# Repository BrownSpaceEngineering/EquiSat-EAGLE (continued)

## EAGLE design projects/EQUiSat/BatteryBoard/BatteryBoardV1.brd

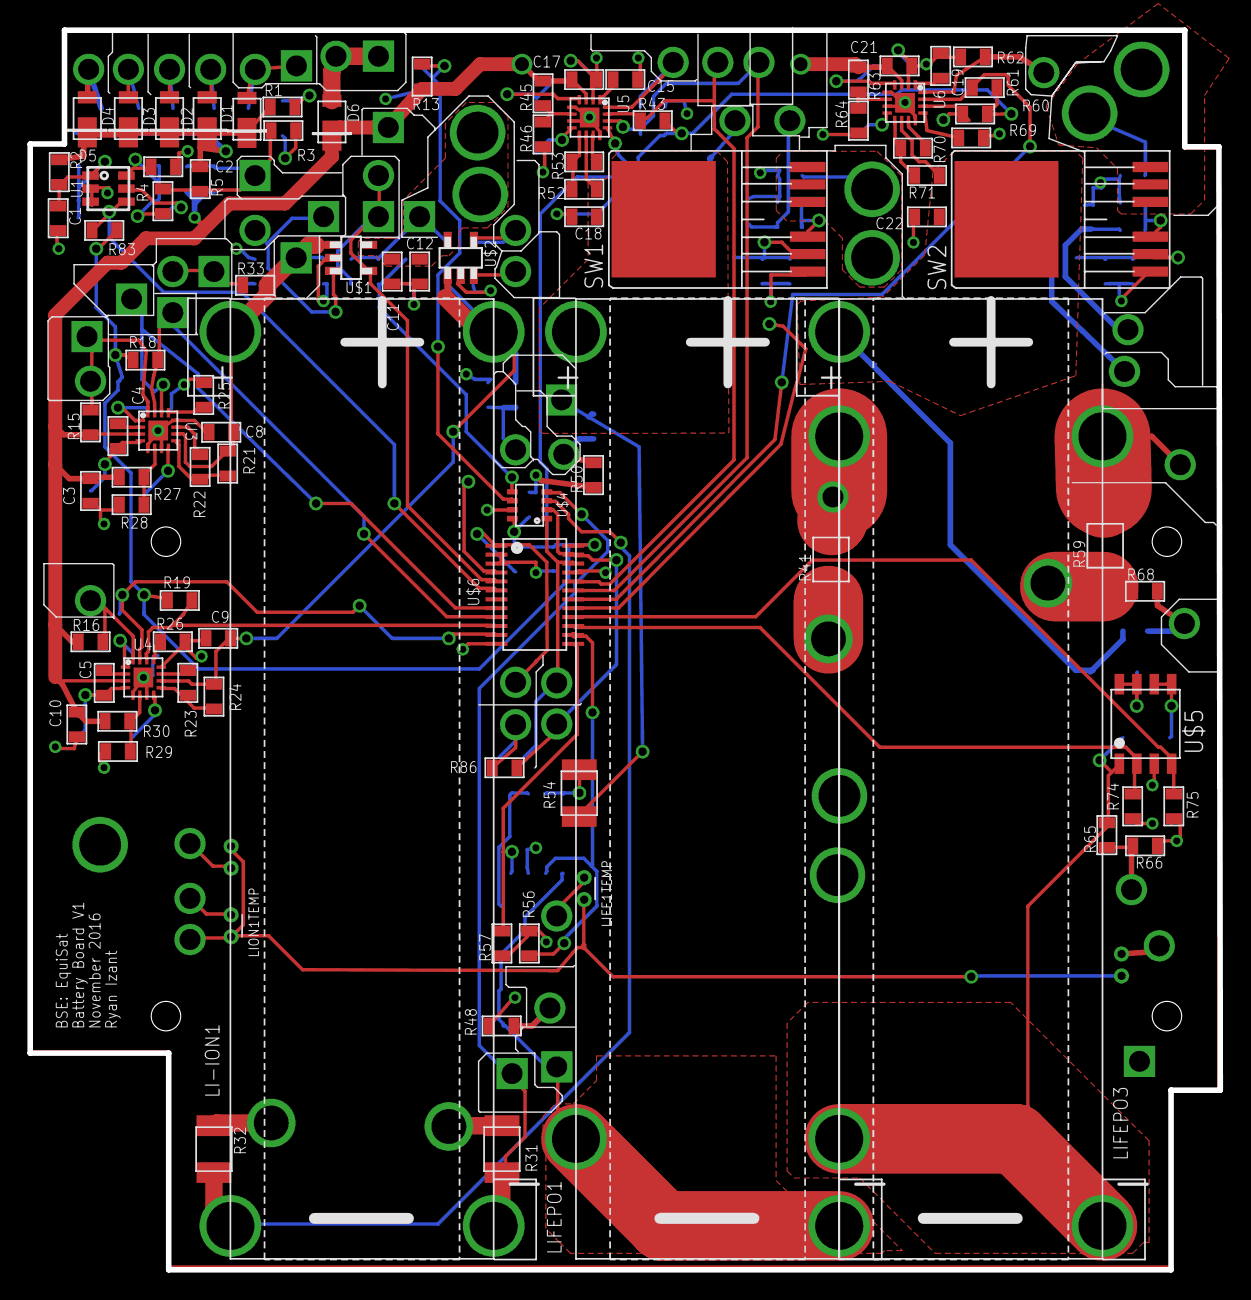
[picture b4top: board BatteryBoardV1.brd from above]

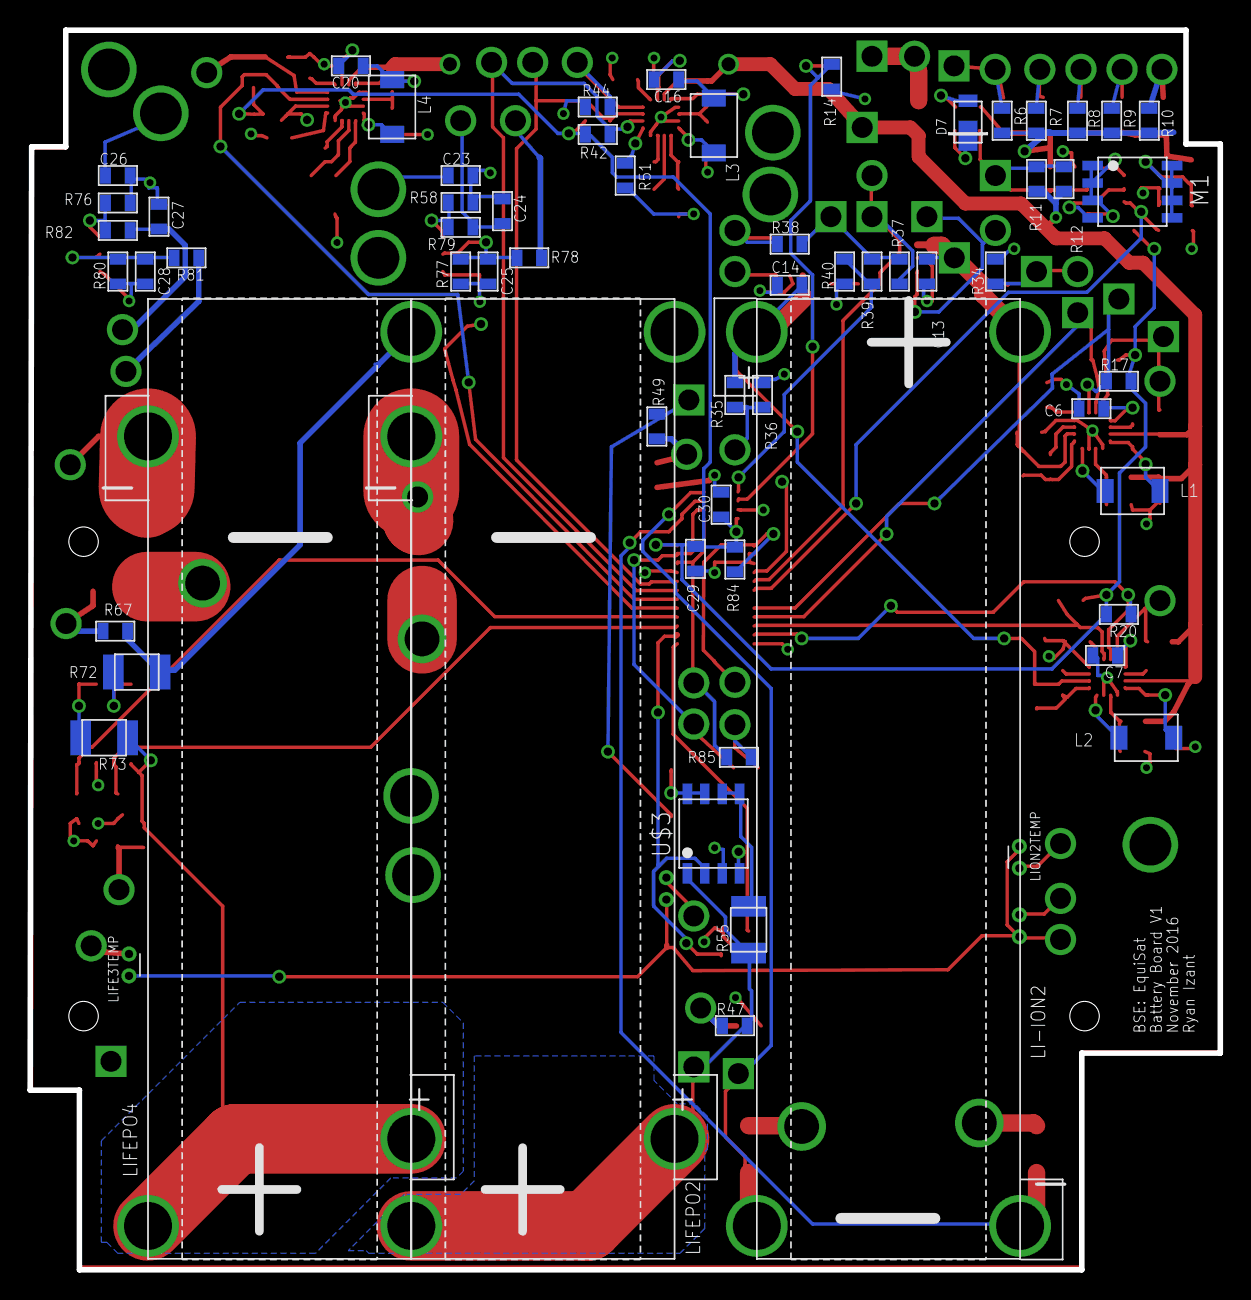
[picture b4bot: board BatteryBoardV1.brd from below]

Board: 4 copper layers, 86.8 x 90.4 mm, 213 parts (62 on the bottom side), 110 nets.

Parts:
C1, C2, C29, C30: 0.1uF; 0805
C3, C10, C17, C21: 10uF; 0805
C4, C5, C16, C20: 22nF; 0805
C6, C7, C15, C19: 2.2uF; 0805
C8, C9, C18, C22: 22uF; 0805
C11, C12: 4.7uF; 0805
C13, C14: 1uF; 0805
C23, C24, C26, C27: 10nF; 0805
C25, C28: 150nF; 0805
D1, D2, D3, D4, D5, D6, D7: DFLS130L; PWRDI-123
L1, L2, L3, L4: 120uH; 1812
LI-ION1, LI-ION2: ~4.1V; EQUISAT-BATTERY-VA
LIFE1TEMP, LIFE3TEMP: AD590FLATPACK; FLATPACK
LIFEPO1, LIFEPO3: ~3.5V; EQUISAT-BATTERY-VA
LIFEPO2, LIFEPO4: ~3.5V; EQUISAT-BATTERY-VB
LION1TEMP, LION2TEMP: AD590FLATPACK; FLATPACK
M1: BSO201SP; SO-8
R1, R2, R3, R4, R5, R6, R7, R8, R9, R10, R12: 0R; 0805
R11: 10R; 0805
R13: 40K; 0805
R14, R15, R16, R17, R18, R19, R20, R42, R43, R56, R57, R60, R61, R74, R75: 10K; 0805
R21, R24: 1M; 0805
R22, R23: 1.43M; 0805
R25, R26, R51, R69: 12.1K; 0805
R27, R30, R45, R63: 330K; 0805
R28, R29, R46, R64: 43K; 0805
R31, R32: 0.13R@1W; 1210
R33, R35, R39: 150K; 0805
R34, R36, R40, R44, R48, R50, R62, R66, R68: 100K; 0805
R37, R38, R83: 470K; 0805
R41, R59: 0.002R@1W; 1210
R47, R65: 95K; 0805
R49, R67: 287K; 0805
R52, R70: 887K; 0805
R53, R71: 1.74M; 0805
R54, R55, R72, R73: 34.8R@1W; 1210
R58, R76, R77, R80, R84: 1K; 0805
R78, R79, R81, R82: 4.7K; 0805
R85, R86: 2.4K; 0805
SW1, SW2: BTS50015-1TAD; TO-263-7-8
U1: LTC4412MPS6; TSOT23-6
U3, U4, U5, U6: LTC4121; QFN-16-PAD
U$1, U$2: LTC4411; TSOT23-5
U$3, U$5: VNS3NV04DP-E; SO-8
U$4: AD7991-0; SOT-23-8
U$6: TCA9535PWR; TSSOP-24
V1: UMB_CHG; VIA-60MIL
V2: X_P; VIA-60MIL
V3: X_N; VIA-60MIL
V4: Z_P; VIA-60MIL
V5: Z_N; VIA-60MIL
V6: Y_N; VIA-60MIL
V7: SP_C_O; VIA-60MIL-SQ
V8: SP_OUT; VIA-60MIL-SQ
V9: 5V; VIA-60MIL
V10: L1_CHG; VIA-60MIL
V11: !BATT_INT!; VIA-60MIL
V12: GND; VIA-60MIL-SQ
V13, V22, V23: GND; VIA-120MIL
V14: LIFEB1SNS; VIA-60MIL
V15: LF_B1_CHG; VIA-60MIL
V16: LIFE2; VIA-60MIL-SQ
V17: LIFE1; VIA-60MIL-SQ
V18: LF_B1_CHGN; VIA-60MIL
V19: LF_B1_FAULTN; VIA-60MIL
V20: LF_B1_OUTEN; VIA-60MIL
V21, V26: LF_B1; VIA-120MIL
V24: L1_TEMP; VIA-60MIL
V25: L1_REF; VIA-60MIL
V27, V28: LIFE_B2; VIA-120MIL
V29: L2_REF; VIA-60MIL
V30, V54: L_OUT; VIA-120MIL
V31: LF_B1_OSNS; VIA-60MIL
V32: L2_TEMP; VIA-60MIL
V33: L2_CHG; VIA-60MIL
V34: L1_DISG; VIA-60MIL
V35: L2_DISG; VIA-60MIL
V36: L1_ST; VIA-60MIL
V37: LF1_TEMP; VIA-60MIL
V38: L2_ST; VIA-60MIL
V39: UMB_CHG; VIA-60MIL-SQ
V40: L1_CHG; VIA-60MIL-SQ
V41: L1_FAULTN; VIA-60MIL-SQ
V42: L1_CHGN; VIA-60MIL-SQ
V43: L1_SNS; VIA-60MIL-SQ
V44: L1_REF; VIA-60MIL-SQ
V45: LION1; VIA-60MIL-SQ
V46: L1_DISG; VIA-60MIL-SQ
V47: L1_ST; VIA-60MIL-SQ
V48: L_OUT; VIA-60MIL-SQ
V49: X_P; VIA-60MIL-SQ
V50: LF3_TEMP; VIA-60MIL
V51: 3V3; VIA-60MIL
V52: SCL; VIA-60MIL
V53: SDA; VIA-60MIL
V56: LF_B2_OUTEN; VIA-60MIL
V57: LF_B2_CHG; VIA-60MIL
V58: LF1_REF; VIA-60MIL
V59: LF2_REF; VIA-60MIL
V60: LF_B2_SNS; VIA-60MIL
V61: LF4_REF; VIA-60MIL
V62: LF3_REF; VIA-60MIL
V63: LF_B2_OSNS; VIA-60MIL

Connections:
3V3: C29.1, C30.1, R17.2, R18.2, R19.2, R20.2, R42.2, R43.2, R60.2, R61.2, R83.2, R84.2, R85.2, R86.2, U$4.P$8, U$6.P$24, V51.P$1
5V: LIFE1TEMP.+, LIFE3TEMP.+, LION1TEMP.+, LION2TEMP.+, V9.P$1
!BATT_INT!: R84.1, U$6.P$1, V11.P$1
GND: C1.2, C2.2, C3.2, C6.2, C7.2, C8.2, C9.2, C10.2, C11.2, C12.2, C13.1, C14.1, C15.1, C17.1, C18.2, C19.1, C21.1, C22.2, C23.2, C24.2, C25.1, C26.2, C27.2, C28.1, C29.2, C30.2, R14.1, R25.1, R26.1, R28.1, R29.1, R31.P$1, R32.P$1, R34.1, R36.1, R40.1, R41.P$1, R44.1, R46.1, R48.1, R50.1, R51.2, R56.1, R57.1, R58.1, R59.P$1, R62.1, R64.1, R66.1, R68.1, R69.2, R74.1, R75.1, R76.1, R77.1, R80.1, SW1.P$1, SW2.P$1, U1.P$2, U1.P$3, U3.P$5, U3.P$7, U3.P$12, U3.P$17, U4.P$5, U4.P$7, U4.P$12, U4.P$17, U5.P$5, U5.P$7, U5.P$12, U5.P$17, U6.P$5, U6.P$7, U6.P$12, U6.P$17, U$1.P$2, U$2.P$2, U$3.P$3, U$4.P$7, U$5.P$3, U$6.P$2, U$6.P$3, U$6.P$12, U$6.P$21, V12.P$1, V13.P$1, V22.P$1, V23.P$1
L1_CHG: R15.2, U3.P$16, V10.P$1, V40.P$1
L1_CHGN: R17.1, U3.P$14, U$6.P$8, V42.P$1
L1_DISG: U$1.P$3, V34.P$1, V46.P$1
L1_FAULTN: R18.1, U3.P$15, U$6.P$9, V41.P$1
L1_REF: R33.1, R34.2, V25.P$1, V44.P$1
L1_SNS: LI-ION1.MINUS, R31.P$2, U$4.P$4, V43.P$1
L1_ST: R37.1, U$1.P$4, U$6.P$5, V36.P$1, V47.P$1
L1_TEMP: LION1TEMP.-, V24.P$1
L2_CHG: R16.2, U4.P$16, V33.P$1
L2_CHGN: R19.1, U4.P$14, U$6.P$10
L2_DISG: U$2.P$3, V35.P$1
L2_FAULTN: R20.1, U4.P$15, U$6.P$11
L2_REF: R35.1, R36.2, V29.P$1
L2_SNS: LI-ION2.MINUS, R32.P$2, U$4.P$3
L2_ST: R38.1, U$2.P$4, U$6.P$4, V38.P$1
L2_TEMP: LION2TEMP.-, V32.P$1
LF1_REF: R49.2, R50.2, V58.P$1
LF1_TEMP: LIFE1TEMP.-, V37.P$1
LF2_REF: R47.1, R48.2, V59.P$1
LF3_REF: R67.2, R68.2, V62.P$1
LF3_TEMP: LIFE3TEMP.-, V50.P$1
LF4_REF: R65.1, R66.2, V61.P$1
LF_B1: C23.1, SW1.P$5, SW1.P$6, SW1.P$7, V21.P$1, V26.P$1
LF_B1_BT: R57.2, U$3.P$4, U$6.P$13
LF_B1_CHG: R44.2, U5.P$16, V15.P$1
LF_B1_CHGN: R42.1, U5.P$14, U$6.P$19, V18.P$1
LF_B1_FAULTN: R43.1, U5.P$15, U$6.P$20, V19.P$1
LF_B1_OSNS: C24.1, R79.1, V31.P$1
LF_B1_OUTEN: R78.1, V20.P$1
LF_B1_TT: R56.2, U$3.P$2, U$6.P$14
LF_B2_BT: R75.2, U$5.P$4, U$6.P$16
LF_B2_CHG: R62.2, U6.P$16, V57.P$1
LF_B2_CHGN: R60.1, U6.P$14, U$6.P$17
LF_B2_FAULTN: R61.1, U6.P$15, U$6.P$18
LF_B2_OSNS: C27.1, R82.1, V63.P$1
LF_B2_OUTEN: R81.1, V56.P$1
LF_B2_SNS: LIFEPO4.MINUS, R59.P$2, V60.P$1
LF_B2_TT: R74.2, U$5.P$2, U$6.P$15
LIFE1: C18.1, LIFEPO1.PLUS, R49.1, R53.2, R54.P$2, SW1.PAD, U5.P$9, V17.P$1
LIFE2: LIFEPO1.MINUS, LIFEPO2.PLUS, R47.2, R55.P$1, U$3.P$1, V16.P$1
LIFE3: C22.1, LIFEPO3.PLUS, R67.1, R71.2, R72.P$2, SW2.PAD, U6.P$9
LIFE4: LIFEPO3.MINUS, LIFEPO4.PLUS, R65.2, R73.P$1, U$5.P$1
LIFEB1SNS: LIFEPO2.MINUS, R41.P$2, V14.P$1
LIFE_B2: C26.1, SW2.P$5, SW2.P$6, SW2.P$7, V27.P$1, V28.P$1
LION1: C8.1, C13.2, LI-ION1.PLUS, R21.2, R33.2, U3.P$9, U$1.P$1, V45.P$1
LION2: C9.1, C14.2, LI-ION2.PLUS, R24.2, R35.2, U4.P$9, U$2.P$1
L_OUT: C11.1, C12.1, R37.2, R38.2, R39.2, U$1.P$5, U$2.P$5, V30.P$1, V48.P$1, V54.P$1
L_REF: R39.1, R40.2, U$4.P$5
unnamed: M1.P$4, U1.P$5
unnamed: C2.1, M1.P$1, M1.P$2, M1.P$3, R4.1, U1.P$6
unnamed: D7.A, R1.2
unnamed: D7.C, R3.1
unnamed: C1.1, M1.P$5, M1.P$6, M1.P$7, M1.P$8, R2.2, U1.P$1
unnamed: R51.1, U5.P$13
unnamed: C4.2, L1.P$1, U3.P$4
unnamed: C4.1, U3.P$2
unnamed: C5.1, U4.P$2
unnamed: C5.2, L2.P$1, U4.P$4
unnamed: C7.1, U4.P$1
unnamed: C6.1, U3.P$1
unnamed: R23.1, U4.P$11
unnamed: R23.2, R24.1, U4.P$10
unnamed: R22.1, U3.P$11
unnamed: R21.1, R22.2, U3.P$10
unnamed: L1.P$2, U3.P$8
unnamed: R25.2, U3.P$13
unnamed: R26.2, U4.P$13
unnamed: R29.2, R30.1, U4.P$6
unnamed: R27.1, R28.2, U3.P$6
unnamed: L2.P$2, U4.P$8
unnamed: R54.P$1, U$3.P$7, U$3.P$8
unnamed: R55.P$2, U$3.P$5, U$3.P$6
unnamed: R52.1, U5.P$11
unnamed: R45.1, R46.2, U5.P$6
unnamed: R52.2, R53.1, U5.P$10
unnamed: C15.2, U5.P$1
unnamed: C16.1, L3.P$2, U5.P$4
unnamed: C16.2, U5.P$2
unnamed: L3.P$1, U5.P$8
unnamed: R63.1, R64.2, U6.P$6
unnamed: R69.1, U6.P$13
unnamed: R70.1, U6.P$11
unnamed: R70.2, R71.1, U6.P$10
unnamed: C19.2, U6.P$1
unnamed: C20.1, L4.P$2, U6.P$4
unnamed: C20.2, U6.P$2
unnamed: L4.P$1, U6.P$8
unnamed: R72.P$1, U$5.P$7, U$5.P$8
unnamed: R73.P$2, U$5.P$5, U$5.P$6
unnamed: C25.2, R77.2, R78.2, SW1.P$2
unnamed: R76.2, R82.2, SW2.P$3
unnamed: R58.2, R79.2, SW1.P$3
unnamed: C28.2, R80.2, R81.2, SW2.P$2
PANELREF: R13.1, R14.2, U$4.P$6
SCL: R85.1, U$4.P$1, U$6.P$22, V52.P$1
SDA: R86.1, U$4.P$2, U$6.P$23, V53.P$1
SPF_ST: R83.1, U1.P$4, U$6.P$6
SP_C: D1.C, D2.C, D3.C, D4.C, D5.C, R1.1, R2.1, R5.1, R6.2, R7.2, R8.2, R9.2, R10.2
SP_C_O: R3.2, R4.2, R5.2, R11.1, R12.1, V7.P$1
SP_OUT: C3.1, C10.1, C17.2, C21.2, D6.C, R11.2, R12.2, R13.2, R15.1, R16.1, R27.2, R30.2, R45.2, R63.2, U3.P$3, U4.P$3, U5.P$3, U6.P$3, V8.P$1
UMB_CHG: D6.A, V1.P$1, V39.P$1
X_N: D2.A, R7.1, V3.P$1
X_P: D1.A, R6.1, V2.P$1, V49.P$1
Y_N: D5.A, R10.1, V6.P$1
Z_N: D4.A, R9.1, V5.P$1
Z_P: D3.A, R8.1, V4.P$1

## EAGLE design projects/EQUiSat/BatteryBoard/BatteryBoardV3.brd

=-=-=

**How to complete this task**
Could the lines from the top of the material through the line with "LIFE1TEMP, LIFE3TEMP: AD590FLATPACK; FLATPACK" be repeated exactly, pictures left out?

**Response for this exercise**
# Repository BrownSpaceEngineering/EquiSat-EAGLE (continued)

## EAGLE design projects/EQUiSat/BatteryBoard/BatteryBoardV1.brd

[picture b4top: board BatteryBoardV1.brd from above]

[picture b4bot: board BatteryBoardV1.brd from below]

Board: 4 copper layers, 86.8 x 90.4 mm, 213 parts (62 on the bottom side), 110 nets.

Parts:
C1, C2, C29, C30: 0.1uF; 0805
C3, C10, C17, C21: 10uF; 0805
C4, C5, C16, C20: 22nF; 0805
C6, C7, C15, C19: 2.2uF; 0805
C8, C9, C18, C22: 22uF; 0805
C11, C12: 4.7uF; 0805
C13, C14: 1uF; 0805
C23, C24, C26, C27: 10nF; 0805
C25, C28: 150nF; 0805
D1, D2, D3, D4, D5, D6, D7: DFLS130L; PWRDI-123
L1, L2, L3, L4: 120uH; 1812
LI-ION1, LI-ION2: ~4.1V; EQUISAT-BATTERY-VA
LIFE1TEMP, LIFE3TEMP: AD590FLATPACK; FLATPACK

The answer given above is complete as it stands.